My interface is a Fireface UCX via USB. Same interface worked without problem on an Intel Mac. And yes, as far as I could test it the problems were gone without interface connection but I can't really work that way as my Mac is in a separate room. Also last Monterey and Fireface drivers and Logic 10.7.4 (already installed 10.7.5 but couldn't try yet).


----------



## HCMarkus (Nov 7, 2022)

Running Digital Performer 11.2 and 11.21 AS-Native, I have not experienced these or similar issues on my Ultra, under macOS 12.61 with a MOTU 828ES Thunderbolt-connected interface.

Similarly, running MainStage under 12.61 with Focusrite Scarlett USB-connected interface, no issues.

What Logic Buffer Size are you using? I typically run 128 for a nice combination of responsiveness and CPU load.


----------



## Abjection (Nov 7, 2022)

I run at 128 as well, but I've tired 256 - 1024, as well as well as 32 - 64 just to see. Nothing helps it. However, I just tried the last thing I could think of and I installed reaper...I've been running everything as a audio units, have been looping playback with 30 tracks plus an imported video file, a Valhalla reverb and some instances of sound toys echo boy on every track - so like over 100 plugins total, and have had zero issue whatsoever. No audio pops, no restarting and no cpu overloads...Using my Apollo x6, all running on Arm 64 version of reaper. What could this mean?


----------



## Nick Batzdorf (Nov 7, 2022)

I haven't had that issue with my Metric Halo 2882 3D interface connected by Ethernet and using their latest driver. Mac Studio Max, Monterey.

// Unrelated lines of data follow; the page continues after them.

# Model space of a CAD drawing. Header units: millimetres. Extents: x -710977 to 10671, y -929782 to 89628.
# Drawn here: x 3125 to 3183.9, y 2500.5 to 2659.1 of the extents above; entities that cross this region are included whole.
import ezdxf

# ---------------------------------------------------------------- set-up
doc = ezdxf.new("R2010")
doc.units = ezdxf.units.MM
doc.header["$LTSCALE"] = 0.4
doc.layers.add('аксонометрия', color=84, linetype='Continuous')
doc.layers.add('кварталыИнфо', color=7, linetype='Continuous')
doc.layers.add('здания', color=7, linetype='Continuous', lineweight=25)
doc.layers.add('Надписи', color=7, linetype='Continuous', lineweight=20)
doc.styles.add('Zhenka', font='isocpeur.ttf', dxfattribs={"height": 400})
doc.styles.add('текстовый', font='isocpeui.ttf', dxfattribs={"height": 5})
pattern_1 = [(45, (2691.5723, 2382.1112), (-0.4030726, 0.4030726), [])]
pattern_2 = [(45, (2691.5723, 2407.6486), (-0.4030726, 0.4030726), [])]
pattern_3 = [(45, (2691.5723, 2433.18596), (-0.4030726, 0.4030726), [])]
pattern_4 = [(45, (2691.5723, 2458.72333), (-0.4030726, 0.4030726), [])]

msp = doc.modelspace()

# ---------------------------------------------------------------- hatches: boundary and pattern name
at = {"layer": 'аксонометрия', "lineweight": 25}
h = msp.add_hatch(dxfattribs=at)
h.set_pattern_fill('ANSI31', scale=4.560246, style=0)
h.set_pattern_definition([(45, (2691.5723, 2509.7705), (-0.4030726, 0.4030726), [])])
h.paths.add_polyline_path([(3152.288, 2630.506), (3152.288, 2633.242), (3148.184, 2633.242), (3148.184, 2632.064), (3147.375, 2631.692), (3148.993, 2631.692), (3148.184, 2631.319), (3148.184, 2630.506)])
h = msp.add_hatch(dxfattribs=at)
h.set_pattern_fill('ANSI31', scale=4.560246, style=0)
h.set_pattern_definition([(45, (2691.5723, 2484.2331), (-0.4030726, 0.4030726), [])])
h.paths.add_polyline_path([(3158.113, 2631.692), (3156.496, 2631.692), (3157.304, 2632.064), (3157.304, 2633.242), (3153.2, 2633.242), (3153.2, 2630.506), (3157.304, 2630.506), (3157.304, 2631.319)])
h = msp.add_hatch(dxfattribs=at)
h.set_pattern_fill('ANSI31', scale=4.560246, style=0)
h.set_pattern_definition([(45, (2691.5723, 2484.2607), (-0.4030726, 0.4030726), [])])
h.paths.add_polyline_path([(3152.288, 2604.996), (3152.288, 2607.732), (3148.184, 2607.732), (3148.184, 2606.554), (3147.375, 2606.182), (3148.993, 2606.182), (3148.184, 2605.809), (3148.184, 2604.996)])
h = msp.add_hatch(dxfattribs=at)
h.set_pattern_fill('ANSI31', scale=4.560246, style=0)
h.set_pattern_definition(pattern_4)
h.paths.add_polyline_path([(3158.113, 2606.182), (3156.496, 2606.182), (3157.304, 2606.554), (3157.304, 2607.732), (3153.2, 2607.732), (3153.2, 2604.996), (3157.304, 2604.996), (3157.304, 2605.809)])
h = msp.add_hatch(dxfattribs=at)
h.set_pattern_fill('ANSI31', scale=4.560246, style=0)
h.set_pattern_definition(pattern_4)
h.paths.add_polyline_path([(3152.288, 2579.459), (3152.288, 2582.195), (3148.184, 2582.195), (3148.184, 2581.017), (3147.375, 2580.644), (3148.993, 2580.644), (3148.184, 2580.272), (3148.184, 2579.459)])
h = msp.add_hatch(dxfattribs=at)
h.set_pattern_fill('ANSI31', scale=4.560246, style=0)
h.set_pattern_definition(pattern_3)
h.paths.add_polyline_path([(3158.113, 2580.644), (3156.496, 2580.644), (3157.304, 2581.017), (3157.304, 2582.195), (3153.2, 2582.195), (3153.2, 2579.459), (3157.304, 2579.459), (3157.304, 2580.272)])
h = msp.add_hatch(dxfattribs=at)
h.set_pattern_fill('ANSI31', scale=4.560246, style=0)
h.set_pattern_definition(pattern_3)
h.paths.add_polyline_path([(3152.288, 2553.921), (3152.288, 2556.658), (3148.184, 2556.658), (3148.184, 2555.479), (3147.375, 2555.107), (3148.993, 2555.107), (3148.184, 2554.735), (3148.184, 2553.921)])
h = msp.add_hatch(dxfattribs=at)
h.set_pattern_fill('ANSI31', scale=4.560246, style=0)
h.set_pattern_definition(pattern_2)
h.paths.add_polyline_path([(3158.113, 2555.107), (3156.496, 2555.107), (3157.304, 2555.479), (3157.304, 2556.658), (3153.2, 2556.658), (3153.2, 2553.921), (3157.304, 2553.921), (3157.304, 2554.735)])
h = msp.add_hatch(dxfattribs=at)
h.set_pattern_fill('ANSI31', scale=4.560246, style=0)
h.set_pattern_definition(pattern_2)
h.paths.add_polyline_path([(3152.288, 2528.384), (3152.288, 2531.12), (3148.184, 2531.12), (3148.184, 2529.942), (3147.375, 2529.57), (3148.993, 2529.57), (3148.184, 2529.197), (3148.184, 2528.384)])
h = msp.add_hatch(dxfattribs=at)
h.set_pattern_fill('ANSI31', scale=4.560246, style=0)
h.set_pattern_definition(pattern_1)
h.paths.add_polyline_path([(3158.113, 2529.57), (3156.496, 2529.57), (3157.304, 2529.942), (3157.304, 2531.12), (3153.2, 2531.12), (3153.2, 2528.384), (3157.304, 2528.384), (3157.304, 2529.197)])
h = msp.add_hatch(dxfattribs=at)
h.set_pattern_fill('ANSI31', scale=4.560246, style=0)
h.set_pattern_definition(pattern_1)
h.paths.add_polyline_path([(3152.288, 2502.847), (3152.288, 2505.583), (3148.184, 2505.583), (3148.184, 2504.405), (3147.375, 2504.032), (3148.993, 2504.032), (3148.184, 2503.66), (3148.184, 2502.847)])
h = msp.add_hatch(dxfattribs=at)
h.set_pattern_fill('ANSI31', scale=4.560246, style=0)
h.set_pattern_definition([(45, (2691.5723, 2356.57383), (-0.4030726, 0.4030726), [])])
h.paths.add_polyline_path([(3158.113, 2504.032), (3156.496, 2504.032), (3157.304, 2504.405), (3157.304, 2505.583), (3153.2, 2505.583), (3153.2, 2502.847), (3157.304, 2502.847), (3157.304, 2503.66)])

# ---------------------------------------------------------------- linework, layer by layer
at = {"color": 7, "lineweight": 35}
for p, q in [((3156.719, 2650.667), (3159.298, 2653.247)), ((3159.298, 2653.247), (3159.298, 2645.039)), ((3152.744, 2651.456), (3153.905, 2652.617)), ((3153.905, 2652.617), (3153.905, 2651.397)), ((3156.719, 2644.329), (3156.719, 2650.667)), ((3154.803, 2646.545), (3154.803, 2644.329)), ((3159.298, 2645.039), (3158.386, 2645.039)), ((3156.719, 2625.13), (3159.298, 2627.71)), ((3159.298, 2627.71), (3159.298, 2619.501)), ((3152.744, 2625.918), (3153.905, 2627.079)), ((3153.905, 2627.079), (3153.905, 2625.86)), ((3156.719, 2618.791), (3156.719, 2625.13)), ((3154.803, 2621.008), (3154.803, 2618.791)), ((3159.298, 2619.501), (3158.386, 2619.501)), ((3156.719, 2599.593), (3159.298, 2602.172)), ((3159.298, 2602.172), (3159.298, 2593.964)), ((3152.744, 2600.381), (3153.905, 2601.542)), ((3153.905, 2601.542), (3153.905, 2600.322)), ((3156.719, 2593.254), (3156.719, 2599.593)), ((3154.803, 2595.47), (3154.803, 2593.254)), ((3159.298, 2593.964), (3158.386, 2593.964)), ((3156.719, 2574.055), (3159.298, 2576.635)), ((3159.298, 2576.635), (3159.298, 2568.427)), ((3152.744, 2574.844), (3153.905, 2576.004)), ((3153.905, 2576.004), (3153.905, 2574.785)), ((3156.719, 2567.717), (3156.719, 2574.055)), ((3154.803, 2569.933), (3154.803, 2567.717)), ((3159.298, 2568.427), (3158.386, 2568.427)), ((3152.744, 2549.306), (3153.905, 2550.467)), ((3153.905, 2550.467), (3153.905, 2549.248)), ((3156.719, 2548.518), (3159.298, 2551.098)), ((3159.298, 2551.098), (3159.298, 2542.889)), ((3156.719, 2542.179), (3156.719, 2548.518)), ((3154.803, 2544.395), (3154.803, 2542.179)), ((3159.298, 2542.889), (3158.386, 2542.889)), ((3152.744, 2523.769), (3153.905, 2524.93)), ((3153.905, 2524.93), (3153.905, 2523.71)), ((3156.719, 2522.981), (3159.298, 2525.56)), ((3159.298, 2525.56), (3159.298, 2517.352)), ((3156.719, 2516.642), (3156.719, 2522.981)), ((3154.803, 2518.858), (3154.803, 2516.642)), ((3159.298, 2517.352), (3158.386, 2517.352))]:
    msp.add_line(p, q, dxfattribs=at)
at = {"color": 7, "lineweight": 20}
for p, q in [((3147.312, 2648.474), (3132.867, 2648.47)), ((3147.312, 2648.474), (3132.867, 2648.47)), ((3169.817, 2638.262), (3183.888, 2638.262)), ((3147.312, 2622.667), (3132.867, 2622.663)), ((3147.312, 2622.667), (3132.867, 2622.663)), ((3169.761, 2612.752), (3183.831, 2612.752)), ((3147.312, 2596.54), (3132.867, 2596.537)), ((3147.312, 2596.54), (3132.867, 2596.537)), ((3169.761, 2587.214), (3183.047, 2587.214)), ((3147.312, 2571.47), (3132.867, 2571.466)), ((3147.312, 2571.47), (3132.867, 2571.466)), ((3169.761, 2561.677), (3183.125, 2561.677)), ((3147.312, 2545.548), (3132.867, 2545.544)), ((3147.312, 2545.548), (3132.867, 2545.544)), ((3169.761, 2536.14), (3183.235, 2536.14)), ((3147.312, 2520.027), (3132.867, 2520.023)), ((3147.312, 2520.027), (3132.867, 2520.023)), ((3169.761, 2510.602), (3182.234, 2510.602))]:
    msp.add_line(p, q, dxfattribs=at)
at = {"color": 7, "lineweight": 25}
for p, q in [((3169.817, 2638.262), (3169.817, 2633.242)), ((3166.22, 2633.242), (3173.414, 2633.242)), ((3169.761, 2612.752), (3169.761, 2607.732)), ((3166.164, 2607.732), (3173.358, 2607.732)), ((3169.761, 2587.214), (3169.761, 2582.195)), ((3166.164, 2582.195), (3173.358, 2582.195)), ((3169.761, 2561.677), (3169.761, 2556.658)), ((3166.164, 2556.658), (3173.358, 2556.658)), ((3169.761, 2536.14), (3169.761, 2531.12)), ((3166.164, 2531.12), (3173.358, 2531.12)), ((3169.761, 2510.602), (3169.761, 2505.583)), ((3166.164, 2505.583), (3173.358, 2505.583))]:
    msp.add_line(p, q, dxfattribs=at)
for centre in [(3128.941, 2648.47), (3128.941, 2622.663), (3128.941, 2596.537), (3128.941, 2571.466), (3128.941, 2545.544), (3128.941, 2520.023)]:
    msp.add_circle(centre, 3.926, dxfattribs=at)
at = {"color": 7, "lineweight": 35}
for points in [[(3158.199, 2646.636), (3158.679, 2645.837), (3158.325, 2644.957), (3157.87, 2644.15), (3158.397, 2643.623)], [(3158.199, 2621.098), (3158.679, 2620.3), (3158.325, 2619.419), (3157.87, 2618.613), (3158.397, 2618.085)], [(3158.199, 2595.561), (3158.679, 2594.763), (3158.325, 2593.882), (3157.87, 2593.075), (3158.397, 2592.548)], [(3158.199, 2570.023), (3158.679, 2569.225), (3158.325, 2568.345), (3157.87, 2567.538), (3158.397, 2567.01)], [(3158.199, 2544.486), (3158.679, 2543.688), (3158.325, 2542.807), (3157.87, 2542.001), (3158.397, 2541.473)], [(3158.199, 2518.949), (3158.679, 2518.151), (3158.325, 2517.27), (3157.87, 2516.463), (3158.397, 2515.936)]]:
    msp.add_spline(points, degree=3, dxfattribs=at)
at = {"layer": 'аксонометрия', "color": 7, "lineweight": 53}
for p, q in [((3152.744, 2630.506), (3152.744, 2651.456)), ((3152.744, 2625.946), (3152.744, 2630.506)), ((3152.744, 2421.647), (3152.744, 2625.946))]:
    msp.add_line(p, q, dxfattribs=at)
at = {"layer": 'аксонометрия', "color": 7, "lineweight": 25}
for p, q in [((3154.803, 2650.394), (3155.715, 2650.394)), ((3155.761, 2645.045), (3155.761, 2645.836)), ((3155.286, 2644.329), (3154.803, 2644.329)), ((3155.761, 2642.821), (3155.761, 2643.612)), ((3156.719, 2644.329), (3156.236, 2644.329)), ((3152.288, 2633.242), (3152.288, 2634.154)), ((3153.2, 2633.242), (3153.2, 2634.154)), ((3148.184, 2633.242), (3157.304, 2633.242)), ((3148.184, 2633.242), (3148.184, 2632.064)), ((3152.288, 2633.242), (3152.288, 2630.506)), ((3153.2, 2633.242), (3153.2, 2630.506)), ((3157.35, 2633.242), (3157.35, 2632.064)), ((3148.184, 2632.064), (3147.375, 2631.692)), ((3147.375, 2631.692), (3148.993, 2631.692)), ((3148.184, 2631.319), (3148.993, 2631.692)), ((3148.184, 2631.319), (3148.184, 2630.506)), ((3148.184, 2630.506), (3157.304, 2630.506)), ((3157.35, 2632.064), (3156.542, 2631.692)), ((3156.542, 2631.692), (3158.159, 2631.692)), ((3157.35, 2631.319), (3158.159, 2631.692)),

Just to make sure, this couldn't be a USB issue, could it?


----------



## Abjection (Nov 7, 2022)

Nick Batzdorf said:


> I haven't had that issue with my Metric Halo 2882 3D interface connected by Ethernet and using their latest driver. Mac Studio Max, Monterey.
> 
> Just to make sure, this couldn't be a USB issue, could it?


Not sure - but it doesn't happen in Reaper so I would think not?


----------



## Nick Batzdorf (Nov 7, 2022)

Abjection said:


> Not sure - but it doesn't happen in Reaper so I would think not?


Makes sense.


----------



## Abjection (Nov 8, 2022)

Dear anyone who is having these same issues.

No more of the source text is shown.